Input and Validation Standard¶
Data validation on input cells¶
Input cells should use Excel data validation (dropdown lists, numeric range limits, date range limits, custom formula validation) wherever a value has a known valid domain. Validation should prevent, or at minimum clearly flag, values that would break downstream calculations (e.g., a negative age, a percentage over 100% where that's not meaningful, a date before a required minimum).
Clear error messaging¶
Where validation catches an invalid entry, the customer should get a clear, specific
message about what's wrong and what's expected — not a generic Excel error. Use
data validation's input/error message fields, and where a calculation could still
produce an error despite validation (e.g., a division by a value that is technically
valid but produces an edge case), surface a readable message via formula (e.g.,
IFERROR with an explanatory string) rather than letting #DIV/0! or #N/A appear
unexplained.
Sensible defaults¶
Where a reasonable default exists, input cells should be pre-populated with it (e.g., today's date, a common assumption rate) rather than left blank, provided the default is clearly editable and clearly marked as a default/example rather than the customer's real data. Defaults should never be mistaken for the customer's actual input in a way that could mislead the resulting calculation.
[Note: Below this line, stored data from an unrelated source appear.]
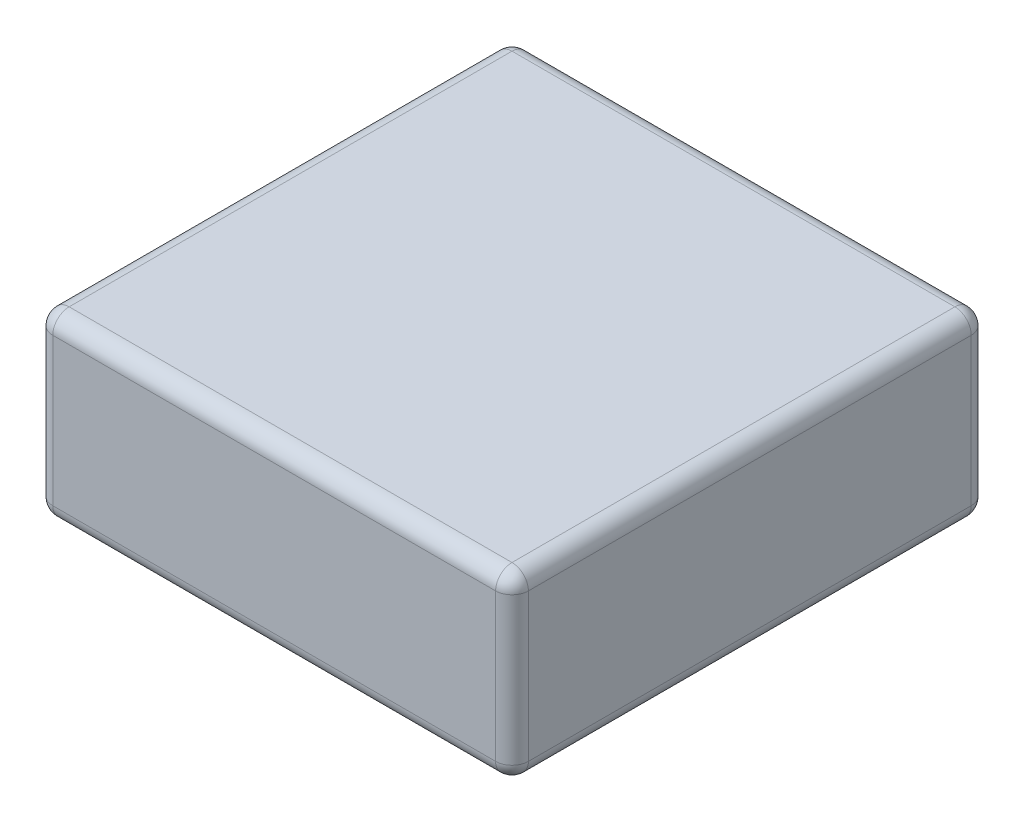
ISO-10303-21;
HEADER;
FILE_DESCRIPTION(('STEP AP214'),'2;1');
FILE_NAME('part.step','',(''),(''),'','','');
FILE_SCHEMA(('AUTOMOTIVE_DESIGN { 1 0 10303 214 1 1 1 1 }'));
ENDSEC;
DATA;
#1=APPLICATION_CONTEXT('core data for automotive mechanical design processes');
#2=APPLICATION_PROTOCOL_DEFINITION('international standard','automotive_design',2000,#1);
#3=PRODUCT_CONTEXT('',#1,'mechanical');
#4=PRODUCT('Part','Part','',(#3));
#5=PRODUCT_RELATED_PRODUCT_CATEGORY('part','',(#4));
#6=PRODUCT_DEFINITION_FORMATION('','',#4);
#7=PRODUCT_DEFINITION_CONTEXT('part definition',#1,'design');
#8=PRODUCT_DEFINITION('design','',#6,#7);
#9=PRODUCT_DEFINITION_SHAPE('','',#8);
#10=(LENGTH_UNIT() NAMED_UNIT(*) SI_UNIT(.MILLI.,.METRE.));
#11=(NAMED_UNIT(*) PLANE_ANGLE_UNIT() SI_UNIT($,.RADIAN.));
#12=(NAMED_UNIT(*) SI_UNIT($,.STERADIAN.) SOLID_ANGLE_UNIT());
#13=UNCERTAINTY_MEASURE_WITH_UNIT(LENGTH_MEASURE(1.E-05),#10,'distance_accuracy_value','');
#14=(GEOMETRIC_REPRESENTATION_CONTEXT(3) GLOBAL_UNCERTAINTY_ASSIGNED_CONTEXT((#13)) GLOBAL_UNIT_ASSIGNED_CONTEXT((#10,
#11,#12)) REPRESENTATION_CONTEXT('',''));
#15=CARTESIAN_POINT('',(0.,0.,0.));
#16=DIRECTION('',(0.,0.,1.));
#17=DIRECTION('',(1.,0.,0.));
#18=AXIS2_PLACEMENT_3D('',#15,#16,#17);
#19=CARTESIAN_POINT('',(9.96034875527012,-1.1,12.1194559594392));
#20=DIRECTION('',(0.,-1.,0.));
#21=DIRECTION('',(0.,0.,-1.));
#22=AXIS2_PLACEMENT_3D('',#19,#20,#21);
#23=PLANE('',#22);
#24=DIRECTION('',(1.,0.,0.));
#25=VECTOR('',#24,1.);
#26=CARTESIAN_POINT('',(10.6853487552701,-1.1,13.4694559594392));
#27=LINE('',#26,#25);
#28=CARTESIAN_POINT('',(8.61034875527012,-1.1,13.4694559594392));
#29=VERTEX_POINT('',#28);
#30=CARTESIAN_POINT('',(11.3103487552701,-1.1,13.4694559594392));
#31=VERTEX_POINT('',#30);
#32=EDGE_CURVE('E197',#29,#31,#27,.T.);
#33=ORIENTED_EDGE('',*,*,#32,.F.);
#34=DIRECTION('',(0.,0.,1.));
#35=VECTOR('',#34,1.);
#36=CARTESIAN_POINT('',(8.61034875527012,-1.1,12.8444559594392));
#37=LINE('',#36,#35);
#38=CARTESIAN_POINT('',(8.61034875527012,-1.1,10.7694559594392));
#39=VERTEX_POINT('',#38);
#40=EDGE_CURVE('E202',#39,#29,#37,.T.);
#41=ORIENTED_EDGE('',*,*,#40,.F.);
#42=DIRECTION('',(-1.,0.,0.));
#43=VECTOR('',#42,1.);
#44=CARTESIAN_POINT('',(9.23534875527012,-1.1,10.7694559594392));
#45=LINE('',#44,#43);
#46=CARTESIAN_POINT('',(11.3103487552701,-1.1,10.7694559594392));
#47=VERTEX_POINT('',#46);
#48=EDGE_CURVE('E134',#47,#39,#45,.T.);
#49=ORIENTED_EDGE('',*,*,#48,.F.);
#50=DIRECTION('',(0.,0.,-1.));
#51=VECTOR('',#50,1.);
#52=CARTESIAN_POINT('',(11.3103487552701,-1.1,11.3944559594392));
#53=LINE('',#52,#51);
#54=EDGE_CURVE('E196',#31,#47,#53,.T.);
#55=ORIENTED_EDGE('',*,*,#54,.F.);
#56=EDGE_LOOP('',(#33,#41,#49,#55));
#57=FACE_BOUND('',#56,.T.);
#58=ADVANCED_FACE('F16',(#57),#23,.T.);
#59=CARTESIAN_POINT('',(11.4103487552701,0.,10.6694559594392));
#60=DIRECTION('',(1.,0.,0.));
#61=DIRECTION('',(0.,1.,0.));
#62=AXIS2_PLACEMENT_3D('',#59,#60,#61);
#63=PLANE('',#62);
#64=DIRECTION('',(0.,0.,-1.));
#65=VECTOR('',#64,1.);
#66=CARTESIAN_POINT('',(11.4103487552701,-0.1,11.3944559594392));
#67=LINE('',#66,#65);
#68=CARTESIAN_POINT('',(11.4103487552701,-0.1,13.4694559594392));
#69=VERTEX_POINT('',#68);
#70=CARTESIAN_POINT('',(11.4103487552701,-0.1,10.7694559594392));
#71=VERTEX_POINT('',#70);
#72=EDGE_CURVE('E126',#69,#71,#67,.T.);
#73=ORIENTED_EDGE('',*,*,#72,.F.);
#74=DIRECTION('',(0.,1.,0.));
#75=VECTOR('',#74,1.);
#76=CARTESIAN_POINT('',(11.4103487552701,0.,13.4694559594392));
#77=LINE('',#76,#75);
#78=CARTESIAN_POINT('',(11.4103487552701,-1.,13.4694559594392));
#79=VERTEX_POINT('',#78);
#80=EDGE_CURVE('E237',#79,#69,#77,.T.);
#81=ORIENTED_EDGE('',*,*,#80,.F.);
#82=DIRECTION('',(0.,0.,1.));
#83=VECTOR('',#82,1.);
#84=CARTESIAN_POINT('',(11.4103487552701,-1.,11.3944559594392));
#85=LINE('',#84,#83);
#86=CARTESIAN_POINT('',(11.4103487552701,-1.,10.7694559594392));
#87=VERTEX_POINT('',#86);
#88=EDGE_CURVE('E128',#87,#79,#85,.T.);
#89=ORIENTED_EDGE('',*,*,#88,.F.);
#90=DIRECTION('',(0.,-1.,0.));
#91=VECTOR('',#90,1.);
#92=CARTESIAN_POINT('',(11.4103487552701,0.,10.7694559594392));
#93=LINE('',#92,#91);
#94=EDGE_CURVE('E123',#71,#87,#93,.T.);
#95=ORIENTED_EDGE('',*,*,#94,.F.);
#96=EDGE_LOOP('',(#73,#81,#89,#95));
#97=FACE_BOUND('',#96,.T.);
#98=ADVANCED_FACE('F18',(#97),#63,.T.);
#99=CARTESIAN_POINT('',(11.4103487552701,0.,13.5694559594392));
#100=DIRECTION('',(0.,0.,1.));
#101=DIRECTION('',(1.,0.,0.));
#102=AXIS2_PLACEMENT_3D('',#99,#100,#101);
#103=PLANE('',#102);
#104=DIRECTION('',(0.,1.,0.));
#105=VECTOR('',#104,1.);
#106=CARTESIAN_POINT('',(8.61034875527012,0.,13.5694559594392));
#107=LINE('',#106,#105);
#108=CARTESIAN_POINT('',(8.61034875527012,-1.,13.5694559594392));
#109=VERTEX_POINT('',#108);
#110=CARTESIAN_POINT('',(8.61034875527012,-0.1,13.5694559594392));
#111=VERTEX_POINT('',#110);
#112=EDGE_CURVE('E261',#109,#111,#107,.T.);
#113=ORIENTED_EDGE('',*,*,#112,.F.);
#114=DIRECTION('',(-1.,0.,0.));
#115=VECTOR('',#114,1.);
#116=CARTESIAN_POINT('',(10.6853487552701,-1.,13.5694559594392));
#117=LINE('',#116,#115);
#118=CARTESIAN_POINT('',(11.3103487552701,-1.,13.5694559594392));
#119=VERTEX_POINT('',#118);
#120=EDGE_CURVE('E192',#119,#109,#117,.T.);
#121=ORIENTED_EDGE('',*,*,#120,.F.);
#122=DIRECTION('',(0.,-1.,0.));
#123=VECTOR('',#122,1.);
#124=CARTESIAN_POINT('',(11.3103487552701,0.,13.5694559594392));
#125=LINE('',#124,#123);
#126=CARTESIAN_POINT('',(11.3103487552701,-0.1,13.5694559594392));
#127=VERTEX_POINT('',#126);
#128=EDGE_CURVE('E239',#127,#119,#125,.T.);
#129=ORIENTED_EDGE('',*,*,#128,.F.);
#130=DIRECTION('',(1.,0.,0.));
#131=VECTOR('',#130,1.);
#132=CARTESIAN_POINT('',(10.6853487552701,-0.1,13.5694559594392));
#133=LINE('',#132,#131);
#134=EDGE_CURVE('E234',#111,#127,#133,.T.);
#135=ORIENTED_EDGE('',*,*,#134,.F.);
#136=EDGE_LOOP('',(#113,#121,#129,#135));
#137=FACE_BOUND('',#136,.T.);
#138=ADVANCED_FACE('F712',(#137),#103,.T.);
#139=CARTESIAN_POINT('',(8.51034875527012,0.,13.5694559594392));
#140=DIRECTION('',(-1.,0.,0.));
#141=DIRECTION('',(0.,0.,1.));
#142=AXIS2_PLACEMENT_3D('',#139,#140,#141);
#143=PLANE('',#142);
#144=DIRECTION('',(0.,0.,1.));
#145=VECTOR('',#144,1.);
#146=CARTESIAN_POINT('',(8.51034875527012,-0.1,12.8444559594392));
#147=LINE('',#146,#145);
#148=CARTESIAN_POINT('',(8.51034875527012,-0.1,10.7694559594392));
#149=VERTEX_POINT('',#148);
#150=CARTESIAN_POINT('',(8.51034875527012,-0.1,13.4694559594392));
#151=VERTEX_POINT('',#150);
#152=EDGE_CURVE('E20',#149,#151,#147,.T.);
#153=ORIENTED_EDGE('',*,*,#152,.F.);
#154=DIRECTION('',(0.,1.,0.));
#155=VECTOR('',#154,1.);
#156=CARTESIAN_POINT('',(8.51034875527012,0.,10.7694559594392));
#157=LINE('',#156,#155);
#158=CARTESIAN_POINT('',(8.51034875527012,-1.,10.7694559594392));
#159=VERTEX_POINT('',#158);
#160=EDGE_CURVE('E27',#159,#149,#157,.T.);
#161=ORIENTED_EDGE('',*,*,#160,.F.);
#162=DIRECTION('',(0.,0.,-1.));
#163=VECTOR('',#162,1.);
#164=CARTESIAN_POINT('',(8.51034875527012,-1.,12.8444559594392));
#165=LINE('',#164,#163);
#166=CARTESIAN_POINT('',(8.51034875527012,-1.,13.4694559594392));
#167=VERTEX_POINT('',#166);
#168=EDGE_CURVE('E283',#167,#159,#165,.T.);
#169=ORIENTED_EDGE('',*,*,#168,.F.);
#170=DIRECTION('',(0.,-1.,0.));
#171=VECTOR('',#170,1.);
#172=CARTESIAN_POINT('',(8.51034875527012,0.,13.4694559594392));
#173=LINE('',#172,#171);
#174=EDGE_CURVE('E265',#151,#167,#173,.T.);
#175=ORIENTED_EDGE('',*,*,#174,.F.);
#176=EDGE_LOOP('',(#153,#161,#169,#175));
#177=FACE_BOUND('',#176,.T.);
#178=ADVANCED_FACE('F381',(#177),#143,.T.);
#179=CARTESIAN_POINT('',(9.96034875527012,0.,12.1194559594392));
#180=DIRECTION('',(0.,-1.,0.));
#181=DIRECTION('',(0.,0.,-1.));
#182=AXIS2_PLACEMENT_3D('',#179,#180,#181);
#183=PLANE('',#182);
#184=DIRECTION('',(1.,0.,0.));
#185=VECTOR('',#184,1.);
#186=CARTESIAN_POINT('',(9.23534875527012,0.,10.7694559594392));
#187=LINE('',#186,#185);
#188=CARTESIAN_POINT('',(8.61034875527012,0.,10.7694559594392));
#189=VERTEX_POINT('',#188);
#190=CARTESIAN_POINT('',(11.3103487552701,0.,10.7694559594392));
#191=VERTEX_POINT('',#190);
#192=EDGE_CURVE('E181',#189,#191,#187,.T.);
#193=ORIENTED_EDGE('',*,*,#192,.F.);
#194=DIRECTION('',(0.,0.,-1.));
#195=VECTOR('',#194,1.);
#196=CARTESIAN_POINT('',(8.61034875527012,0.,12.8444559594392));
#197=LINE('',#196,#195);
#198=CARTESIAN_POINT('',(8.61034875527012,0.,13.4694559594392));
#199=VERTEX_POINT('',#198);
#200=EDGE_CURVE('E266',#199,#189,#197,.T.);
#201=ORIENTED_EDGE('',*,*,#200,.F.);
#202=DIRECTION('',(-1.,0.,0.));
#203=VECTOR('',#202,1.);
#204=CARTESIAN_POINT('',(10.6853487552701,0.,13.4694559594392));
#205=LINE('',#204,#203);
#206=CARTESIAN_POINT('',(11.3103487552701,0.,13.4694559594392));
#207=VERTEX_POINT('',#206);
#208=EDGE_CURVE('E41',#207,#199,#205,.T.);
#209=ORIENTED_EDGE('',*,*,#208,.F.);
#210=DIRECTION('',(0.,0.,1.));
#211=VECTOR('',#210,1.);
#212=CARTESIAN_POINT('',(11.3103487552701,0.,11.3944559594392));
#213=LINE('',#212,#211);
#214=EDGE_CURVE('E147',#191,#207,#213,.T.);
#215=ORIENTED_EDGE('',*,*,#214,.F.);
#216=EDGE_LOOP('',(#193,#201,#209,#215));
#217=FACE_BOUND('',#216,.T.);
#218=ADVANCED_FACE('F321',(#217),#183,.F.);
#219=CARTESIAN_POINT('',(8.51034875527012,0.,10.6694559594392));
#220=DIRECTION('',(0.,0.,-1.));
#221=DIRECTION('',(0.,-1.,0.));
#222=AXIS2_PLACEMENT_3D('',#219,#220,#221);
#223=PLANE('',#222);
#224=DIRECTION('',(-1.,0.,0.));
#225=VECTOR('',#224,1.);
#226=CARTESIAN_POINT('',(9.23534875527012,-0.1,10.6694559594392));
#227=LINE('',#226,#225);
#228=CARTESIAN_POINT('',(11.3103487552701,-0.1,10.6694559594392));
#229=VERTEX_POINT('',#228);
#230=CARTESIAN_POINT('',(8.61034875527012,-0.1,10.6694559594392));
#231=VERTEX_POINT('',#230);
#232=EDGE_CURVE('E157',#229,#231,#227,.T.);
#233=ORIENTED_EDGE('',*,*,#232,.F.);
#234=DIRECTION('',(0.,1.,0.));
#235=VECTOR('',#234,1.);
#236=CARTESIAN_POINT('',(11.3103487552701,0.,10.6694559594392));
#237=LINE('',#236,#235);
#238=CARTESIAN_POINT('',(11.3103487552701,-1.,10.6694559594392));
#239=VERTEX_POINT('',#238);
#240=EDGE_CURVE('E135',#239,#229,#237,.T.);
#241=ORIENTED_EDGE('',*,*,#240,.F.);
#242=DIRECTION('',(1.,0.,0.));
#243=VECTOR('',#242,1.);
#244=CARTESIAN_POINT('',(9.23534875527012,-1.,10.6694559594392));
#245=LINE('',#244,#243);
#246=CARTESIAN_POINT('',(8.61034875527012,-1.,10.6694559594392));
#247=VERTEX_POINT('',#246);
#248=EDGE_CURVE('E198',#247,#239,#245,.T.);
#249=ORIENTED_EDGE('',*,*,#248,.F.);
#250=DIRECTION('',(0.,-1.,0.));
#251=VECTOR('',#250,1.);
#252=CARTESIAN_POINT('',(8.61034875527012,0.,10.6694559594392));
#253=LINE('',#252,#251);
#254=EDGE_CURVE('E10',#231,#247,#253,.T.);
#255=ORIENTED_EDGE('',*,*,#254,.F.);
#256=EDGE_LOOP('',(#233,#241,#249,#255));
#257=FACE_BOUND('',#256,.T.);
#258=ADVANCED_FACE('F374',(#257),#223,.T.);
#259=CARTESIAN_POINT('',(8.61034875527012,0.,10.7694559594392));
#260=DIRECTION('',(0.,-1.,0.));
#261=DIRECTION('',(-0.70710678118654,0.,-0.707106781186555));
#262=AXIS2_PLACEMENT_3D('',#259,#260,#261);
#263=CYLINDRICAL_SURFACE('',#262,0.1);
#264=CARTESIAN_POINT('',(8.61034875527012,-1.,10.7694559594392));
#265=DIRECTION('',(0.,1.,0.));
#266=DIRECTION('',(0.,0.,-1.));
#267=AXIS2_PLACEMENT_3D('',#264,#265,#266);
#268=CIRCLE('',#267,0.1);
#269=EDGE_CURVE('E182',#247,#159,#268,.T.);
#270=ORIENTED_EDGE('',*,*,#269,.T.);
#271=ORIENTED_EDGE('',*,*,#160,.T.);
#272=CARTESIAN_POINT('',(8.61034875527012,-0.1,10.7694559594392));
#273=DIRECTION('',(0.,-1.,0.));
#274=DIRECTION('',(-1.,0.,0.));
#275=AXIS2_PLACEMENT_3D('',#272,#273,#274);
#276=CIRCLE('',#275,0.1);
#277=EDGE_CURVE('E191',#149,#231,#276,.T.);
#278=ORIENTED_EDGE('',*,*,#277,.T.);
#279=ORIENTED_EDGE('',*,*,#254,.T.);
#280=EDGE_LOOP('',(#270,#271,#278,#279));
#281=FACE_BOUND('',#280,.T.);
#282=ADVANCED_FACE('F376',(#281),#263,.T.);
#283=CARTESIAN_POINT('',(8.61034875527012,-1.,12.8444559594392));
#284=DIRECTION('',(0.,0.,-1.));
#285=DIRECTION('',(-0.707106781186548,-0.707106781186548,0.));
#286=AXIS2_PLACEMENT_3D('',#283,#284,#285);
#287=CYLINDRICAL_SURFACE('',#286,0.1);
#288=CARTESIAN_POINT('',(8.61034875527012,-1.,10.7694559594392));
#289=DIRECTION('',(0.,0.,1.));
#290=DIRECTION('',(-1.,0.,0.));
#291=AXIS2_PLACEMENT_3D('',#288,#289,#290);
#292=CIRCLE('',#291,0.1);
#293=EDGE_CURVE('E187',#159,#39,#292,.T.);
#294=ORIENTED_EDGE('',*,*,#293,.T.);
#295=ORIENTED_EDGE('',*,*,#40,.T.);
#296=CARTESIAN_POINT('',(8.61034875527012,-1.,13.4694559594392));
#297=DIRECTION('',(0.,0.,-1.));
#298=DIRECTION('',(0.,-1.,0.));
#299=AXIS2_PLACEMENT_3D('',#296,#297,#298);
#300=CIRCLE('',#299,0.1);
#301=EDGE_CURVE('E206',#29,#167,#300,.T.);
#302=ORIENTED_EDGE('',*,*,#301,.T.);
#303=ORIENTED_EDGE('',*,*,#168,.T.);
#304=EDGE_LOOP('',(#294,#295,#302,#303));
#305=FACE_BOUND('',#304,.T.);
#306=ADVANCED_FACE('F673',(#305),#287,.T.);
#307=CARTESIAN_POINT('',(9.23534875527012,-1.,10.7694559594392));
#308=DIRECTION('',(1.,0.,0.));
#309=DIRECTION('',(0.,-0.70710678118654,-0.707106781186555));
#310=AXIS2_PLACEMENT_3D('',#307,#308,#309);
#311=CYLINDRICAL_SURFACE('',#310,0.1);
#312=CARTESIAN_POINT('',(11.3103487552701,-1.,10.7694559594392));
#313=DIRECTION('',(-1.,0.,0.));
#314=DIRECTION('',(0.,0.,-1.));
#315=AXIS2_PLACEMENT_3D('',#312,#313,#314);
#316=CIRCLE('',#315,0.1);
#317=EDGE_CURVE('E228',#239,#47,#316,.T.);
#318=ORIENTED_EDGE('',*,*,#317,.T.);
#319=ORIENTED_EDGE('',*,*,#48,.T.);
#320=CARTESIAN_POINT('',(8.61034875527012,-1.,10.7694559594392));
#321=DIRECTION('',(1.,0.,0.));
#322=DIRECTION('',(0.,-1.,0.));
#323=AXIS2_PLACEMENT_3D('',#320,#321,#322);
#324=CIRCLE('',#323,0.1);
#325=EDGE_CURVE('E186',#39,#247,#324,.T.);
#326=ORIENTED_EDGE('',*,*,#325,.T.);
#327=ORIENTED_EDGE('',*,*,#248,.T.);
#328=EDGE_LOOP('',(#318,#319,#326,#327));
#329=FACE_BOUND('',#328,.T.);
#330=ADVANCED_FACE('F369',(#329),#311,.T.);
#331=CARTESIAN_POINT('',(11.3103487552701,0.,10.7694559594392));
#332=DIRECTION('',(0.,-1.,0.));
#333=DIRECTION('',(0.707106781186563,0.,-0.707106781186532));
#334=AXIS2_PLACEMENT_3D('',#331,#332,#333);
#335=CYLINDRICAL_SURFACE('',#334,0.1);
#336=CARTESIAN_POINT('',(11.3103487552701,-1.,10.7694559594392));
#337=DIRECTION('',(0.,1.,0.));
#338=DIRECTION('',(1.,0.,0.));
#339=AXIS2_PLACEMENT_3D('',#336,#337,#338);
#340=CIRCLE('',#339,0.1);
#341=EDGE_CURVE('E171',#87,#239,#340,.T.);
#342=ORIENTED_EDGE('',*,*,#341,.T.);
#343=ORIENTED_EDGE('',*,*,#240,.T.);
#344=CARTESIAN_POINT('',(11.3103487552701,-0.1,10.7694559594392));
#345=DIRECTION('',(0.,-1.,0.));
#346=DIRECTION('',(0.,0.,-1.));
#347=AXIS2_PLACEMENT_3D('',#344,#345,#346);
#348=CIRCLE('',#347,0.0999999999999979);
#349=EDGE_CURVE('E153',#229,#71,#348,.T.);
#350=ORIENTED_EDGE('',*,*,#349,.T.);
#351=ORIENTED_EDGE('',*,*,#94,.T.);
#352=EDGE_LOOP('',(#342,#343,#350,#351));
#353=FACE_BOUND('',#352,.T.);
#354=ADVANCED_FACE('F159',(#353),#335,.T.);
#355=CARTESIAN_POINT('',(11.3103487552701,-1.,11.3944559594392));
#356=DIRECTION('',(0.,0.,1.));
#357=DIRECTION('',(0.707106781186555,-0.70710678118654,0.));
#358=AXIS2_PLACEMENT_3D('',#355,#356,#357);
#359=CYLINDRICAL_SURFACE('',#358,0.1);
#360=CARTESIAN_POINT('',(11.3103487552701,-1.,13.4694559594392));
#361=DIRECTION('',(0.,0.,-1.));
#362=DIRECTION('',(1.,0.,0.));
#363=AXIS2_PLACEMENT_3D('',#360,#361,#362);
#364=CIRCLE('',#363,0.1);
#365=EDGE_CURVE('E224',#79,#31,#364,.T.);
#366=ORIENTED_EDGE('',*,*,#365,.T.);
#367=ORIENTED_EDGE('',*,*,#54,.T.);
#368=CARTESIAN_POINT('',(11.3103487552701,-1.,10.7694559594392));
#369=DIRECTION('',(0.,0.,1.));
#370=DIRECTION('',(0.,-1.,0.));
#371=AXIS2_PLACEMENT_3D('',#368,#369,#370);
#372=CIRCLE('',#371,0.1);
#373=EDGE_CURVE('E163',#47,#87,#372,.T.);
#374=ORIENTED_EDGE('',*,*,#373,.T.);
#375=ORIENTED_EDGE('',*,*,#88,.T.);
#376=EDGE_LOOP('',(#366,#367,#374,#375));
#377=FACE_BOUND('',#376,.T.);
#378=ADVANCED_FACE('F649',(#377),#359,.T.);
#379=CARTESIAN_POINT('',(10.6853487552701,-1.,13.4694559594392));
#380=DIRECTION('',(-1.,0.,0.));
#381=DIRECTION('',(0.,-0.70710678118654,0.707106781186555));
#382=AXIS2_PLACEMENT_3D('',#379,#380,#381);
#383=CYLINDRICAL_SURFACE('',#382,0.1);
#384=CARTESIAN_POINT('',(8.61034875527012,-1.,13.4694559594392));
#385=DIRECTION('',(1.,0.,0.));
#386=DIRECTION('',(0.,0.,1.));
#387=AXIS2_PLACEMENT_3D('',#384,#385,#386);
#388=CIRCLE('',#387,0.1);
#389=EDGE_CURVE('E207',#109,#29,#388,.T.);
#390=ORIENTED_EDGE('',*,*,#389,.T.);
#391=ORIENTED_EDGE('',*,*,#32,.T.);
#392=CARTESIAN_POINT('',(11.3103487552701,-1.,13.4694559594392));
#393=DIRECTION('',(-1.,0.,0.));
#394=DIRECTION('',(0.,-1.,0.));
#395=AXIS2_PLACEMENT_3D('',#392,#393,#394);
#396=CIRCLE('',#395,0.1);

Required vs. optional fields marked¶
Every input field should be visibly marked as required or optional. Products should use a consistent visual or textual marker (e.g., an asterisk, a "(optional)" label) so a customer can tell at a glance which fields they must complete for the tool to function versus which fields refine the result.
Interaction with calculations¶
Validation is a first line of defense, not a substitute for the calculation layer handling unexpected values gracefully. See calculation-and-formula-standard.md for how calculations should handle nulls, zeros, and errors even when validation is in place.